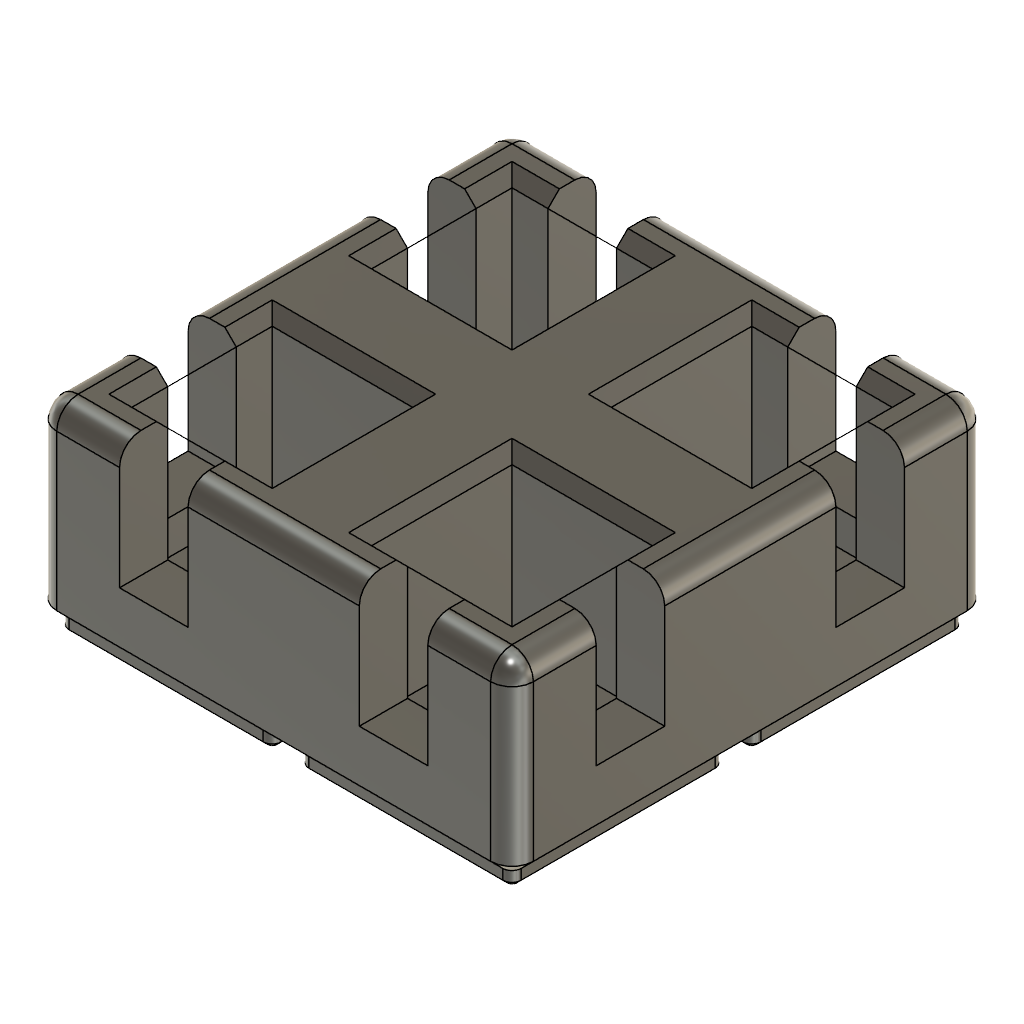
ready-parts-input-holder-v2 (Autodesk Fusion 360 design; units mm, degrees)
part number: 2026-10-03-11-04-50-135
Autodesk Fusion 360 part; units mm, degrees
sketch "Sketch_OuterProfile" plane through (0, 0, 0) normal (0, 0, 1) x (1, 0, 0)
  line L0 (41.75, 41.75) -> (-41.75, 41.75)
  line L1 (-41.75, 41.75) -> (-41.75, -41.75)
  line L2 (-41.75, -41.75) -> (41.75, -41.75)
  line L3 (41.75, -41.75) -> (41.75, 41.75)
  line L4 (41.75, 41.75) -> (-41.75, -41.75) construction
  dimension "d24" = 83.5
  dimension "d25" = 83.5
  constraint midpoint origin L4
  measures "d24" horizontal distance of L0.start L0.end
  measures "d25" vertical distance of L0.end L1.end
extrude "Extrude_Body" add sketch "Sketch_OuterProfile" along normal blind 31
fillet "Fillet_OuterVerticalEdges" radius 3.75 4 edges at (41.75, -41.75, 15.5) (-41.75, -41.75, 15.5) (-41.75, 41.75, 15.5) (41.75, 41.75, 15.5)
fillet "Fillet_TopOuterEdge" radius 3.75 64 edges at (40.6517, 40.6517, 31) (41.75, 0, 31) (40.6517, -40.6517, 31) (0, -41.75, 31) (-40.6517, -40.6517, 31) (-41.75, 0, 31) (-40.6517, 40.6517, 31) (0, 41.75, 31) (0, 41.75, 31) (-40.6517, 40.6517, 31) (-41.75, 0, 31) (-40.6517, -40.6517, 31) (0, -41.75, 31) (40.6517, -40.6517, 31) (41.75, 0, 31) (40.6517, 40.6517, 31) (-40.6517, 40.6517, 31) (0, 41.75, 31) (40.6517, 40.6517, 31) (41.75, 0, 31) (40.6517, -40.6517, 31) (0, -41.75, 31) (-40.6517, -40.6517, 31) (-41.75, 0, 31) (-41.75, 0, 31) (-40.6517, -40.6517, 31) (0, -41.75, 31) (40.6517, -40.6517, 31) (41.75, 0, 31) (40.6517, 40.6517, 31) (0, 41.75, 31) (-40.6517, 40.6517, 31) (-40.6517, -40.6517, 31) (-41.75, 0, 31) (-40.6517, 40.6517, 31) (0, 41.75, 31) (40.6517, 40.6517, 31) (41.75, 0, 31) (40.6517, -40.6517, 31) (0, -41.75, 31) (0, -41.75, 31) (40.6517, -40.6517, 31) (41.75, 0, 31) (40.6517, 40.6517, 31) (0, 41.75, 31) (-40.6517, 40.6517, 31) (-41.75, 0, 31) (-40.6517, -40.6517, 31) (40.6517, -40.6517, 31) (0, -41.75, 31) (-40.6517, -40.6517, 31) (-41.75, 0, 31) (-40.6517, 40.6517, 31) (0, 41.75, 31) (40.6517, 40.6517, 31) (41.75, 0, 31) (41.75, 0, 31) (40.6517, 40.6517, 31) (0, 41.75, 31) (-40.6517, 40.6517, 31) (-41.75, 0, 31) (-40.6517, -40.6517, 31) (0, -41.75, 31) (40.6517, -40.6517, 31)
ref_plane "WorkPlane1" through (0, 0, 11) normal (0, 0, 1) x (1, 0, 0)
sketch "Sketch_Pocket_1" plane through (0, 0, 11) normal (0, 0, 1) x (1, 0, 0)
  line L0 (-8.7, -8.7) -> (-33.3, -8.7)
  line L1 (-33.3, -8.7) -> (-33.3, -33.3)
  line L2 (-33.3, -33.3) -> (-8.7, -33.3)
  line L3 (-8.7, -33.3) -> (-8.7, -8.7)
  dimension "d35" = 24.6
  dimension "d36" = 24.6
  measures "d35" horizontal distance of L0.start L0.end
  measures "d36" vertical distance of L0.end L1.end
extrude "Extrude_Pocket_1" cut sketch "Sketch_Pocket_1" along normal blind -8 and the other way blind -25
sketch "Sketch_Pocket_2" plane through (0, 0, 11) normal (0, 0, 1) x (1, 0, 0)
  line L0 (-8.7, 33.3) -> (-33.3, 33.3)
  line L1 (-33.3, 33.3) -> (-33.3, 8.7)
  line L2 (-33.3, 8.7) -> (-8.7, 8.7)
  line L3 (-8.7, 8.7) -> (-8.7, 33.3)
  dimension "d39" = 24.6
  dimension "d40" = 24.6
  measures "d39" horizontal distance of L0.start L0.end
  measures "d40" vertical distance of L0.end L1.end
extrude "Extrude_Pocket_2" cut sketch "Sketch_Pocket_2" along normal blind -8 and the other way blind -45
sketch "Sketch_Pocket_3" plane through (0, 0, 11) normal (0, 0, 1) x (1, 0, 0)
  line L0 (33.3, -8.7) -> (8.7, -8.7)
  line L1 (8.7, -8.7) -> (8.7, -33.3)
  line L2 (8.7, -33.3) -> (33.3, -33.3)
  line L3 (33.3, -33.3) -> (33.3, -8.7)
  dimension "d43" = 24.6
  dimension "d44" = 24.6
  measures "d43" horizontal distance of L0.start L0.end
  measures "d44" vertical distance of L0.end L1.end
extrude "Extrude_Pocket_3" cut sketch "Sketch_Pocket_3" along normal blind -8 and the other way blind -42
sketch "Sketch_Pocket_4" plane through (0, 0, 11) normal (0, 0, 1) x (1, 0, 0)
  line L0 (33.3, 33.3) -> (8.7, 33.3)
  line L1 (8.7, 33.3) -> (8.7, 8.7)
  line L2 (8.7, 8.7) -> (33.3, 8.7)
  line L3 (33.3, 8.7) -> (33.3, 33.3)
  dimension "d47" = 24.6
  dimension "d48" = 24.6
  measures "d47" horizontal distance of L0.start L0.end
  measures "d48" vertical distance of L0.end L1.end
extrude "Extrude_Pocket_4" cut sketch "Sketch_Pocket_4" along normal blind -8 and the other way blind -38
chamfer "Chamfer_PocketEdges" distance 2 angle 45 12 edges at (33.3, 21, 31) (8.7, 21, 31) (21, 33.3, 31) (33.3, -21, 31) (8.7, -21, 31) (21, -8.7, 31) (-8.7, 21, 31) (-33.3, 21, 31) (-21, 33.3, 31) (-8.7, -21, 31) (-33.3, -21, 31) (-21, -8.7, 31) tangent chain off
chamfer "Chamfer_PocketEdges" distance 2 angle 45 4 edges at (21, -33.3, 31) (-21, -33.3, 31) (-21, 8.7, 31) (21, 8.7, 31) tangent chain off
sketch "Sketch_Foot_1" plane through (0, 0, 0) normal (0, 0, 1) x (1, 0, 0)
  line L0 (-3.01, -3.01) -> (-38.99, -3.01)
  line L1 (-38.99, -3.01) -> (-38.99, -38.99)
  line L2 (-38.99, -38.99) -> (-3.01, -38.99)
  line L3 (-3.01, -38.99) -> (-3.01, -3.01)
  dimension "d61" = 35.98
  dimension "d62" = 35.98
  measures "d61" horizontal distance of L0.start L0.end
  measures "d62" vertical distance of L0.end L1.end
extrude "Extrude_Foot_1" [suppressed]
fillet "Fillet_FootEdges_1" [suppressed]
sketch "Sketch_Foot_2" plane through (0, 0, 0) normal (0, 0, 1) x (1, 0, 0)
  line L0 (-3.01, 38.99) -> (-38.99, 38.99)
  line L1 (-38.99, 38.99) -> (-38.99, 3.01)
  line L2 (-38.99, 3.01) -> (-3.01, 3.01)
  line L3 (-3.01, 3.01) -> (-3.01, 38.99)
  dimension "d67" = 35.98
  dimension "d68" = 35.98
  measures "d67" horizontal distance of L0.start L0.end
  measures "d68" vertical distance of L0.end L1.end
extrude "Extrude_Foot_2" [suppressed]
fillet "Fillet_FootEdges_2" [suppressed]
sketch "Sketch_Foot_3" plane through (0, 0, 0) normal (0, 0, 1) x (1, 0, 0)
  line L0 (38.99, -3.01) -> (3.01, -3.01)
  line L1 (3.01, -3.01) -> (3.01, -38.99)
  line L2 (3.01, -38.99) -> (38.99, -38.99)
  line L3 (38.99, -38.99) -> (38.99, -3.01)
  dimension "d73" = 35.98
  dimension "d74" = 35.98
  measures "d73" horizontal distance of L0.start L0.end
  measures "d74" vertical distance of L0.end L1.end
extrude "Extrude_Foot_3" [suppressed]
fillet "Fillet_FootEdges_3" [suppressed]
sketch "Sketch_Foot_4" plane through (0, 0, 0) normal (0, 0, 1) x (1, 0, 0)
  line L0 (38.99, 38.99) -> (3.01, 38.99)
  line L1 (3.01, 38.99) -> (3.01, 3.01)
  line L2 (3.01, 3.01) -> (38.99, 3.01)
  line L3 (38.99, 3.01) -> (38.99, 38.99)
  dimension "d79" = 35.98
  dimension "d80" = 35.98
  measures "d79" horizontal distance of L0.start L0.end
  measures "d80" vertical distance of L0.end L1.end
extrude "Extrude_Foot_4" [suppressed]
fillet "Fillet_FootEdges_4" [suppressed]
extrude "Extrude10" [suppressed]
ref_plane "WorkPlane2" through (0, 0, 0) normal (0, 0, 1) x (1, 0, 0)
sketch "gf_std_foot1" plane through (0, 0, 0) normal (0, 0, 1) x (1, 0, 0)
  line L0 (-4, -0.25) -> (-38, -0.25)
  line L1 (-41.75, -4) -> (-41.75, -38)
  line L2 (-38, -41.75) -> (-4, -41.75)
  line L3 (-0.25, -38) -> (-0.25, -4)
  arc A0 (-38, -0.25) -> (-41.75, -4) centre (-38, -4) ccw
  arc A1 (-41.75, -38) -> (-38, -41.75) centre (-38, -38) ccw
  arc A2 (-4, -41.75) -> (-0.25, -38) centre (-4, -38) ccw
  arc A3 (-0.25, -4) -> (-4, -0.25) centre (-4, -4) ccw
  line L4 (-4, 41.75) -> (-38, 41.75)
  line L5 (-41.75, 38) -> (-41.75, 4)
  line L6 (-38, 0.25) -> (-4, 0.25)
  line L7 (-0.25, 4) -> (-0.25, 38)
  arc A4 (-38, 41.75) -> (-41.75, 38) centre (-38, 38) ccw
  arc A5 (-41.75, 4) -> (-38, 0.25) centre (-38, 4) ccw
  arc A6 (-4, 0.25) -> (-0.25, 4) centre (-4, 4) ccw
  arc A7 (-0.25, 38) -> (-4, 41.75) centre (-4, 38) ccw
  line L8 (38, -0.25) -> (4, -0.25)
  line L9 (0.25, -4) -> (0.25, -38)
  line L10 (4, -41.75) -> (38, -41.75)
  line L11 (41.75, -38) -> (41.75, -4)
=======
▸ **WORK REQUEST**
Give back precisely the lines above that start at the line containing "line L1 (-38.99, 38.99) -> (-38.99, 3.01)" and end at the line containing "line L1 (3.01, -3.01) -> (3.01, -38.99)", inclusive. No other lines belong in the output.

▸ **REPLY**
  line L1 (-38.99, 38.99) -> (-38.99, 3.01)
  line L2 (-38.99, 3.01) -> (-3.01, 3.01)
  line L3 (-3.01, 3.01) -> (-3.01, 38.99)
  dimension "d67" = 35.98
  dimension "d68" = 35.98
  measures "d67" horizontal distance of L0.start L0.end
  measures "d68" vertical distance of L0.end L1.end
extrude "Extrude_Foot_2" [suppressed]
fillet "Fillet_FootEdges_2" [suppressed]
sketch "Sketch_Foot_3" plane through (0, 0, 0) normal (0, 0, 1) x (1, 0, 0)
  line L0 (38.99, -3.01) -> (3.01, -3.01)
  line L1 (3.01, -3.01) -> (3.01, -38.99)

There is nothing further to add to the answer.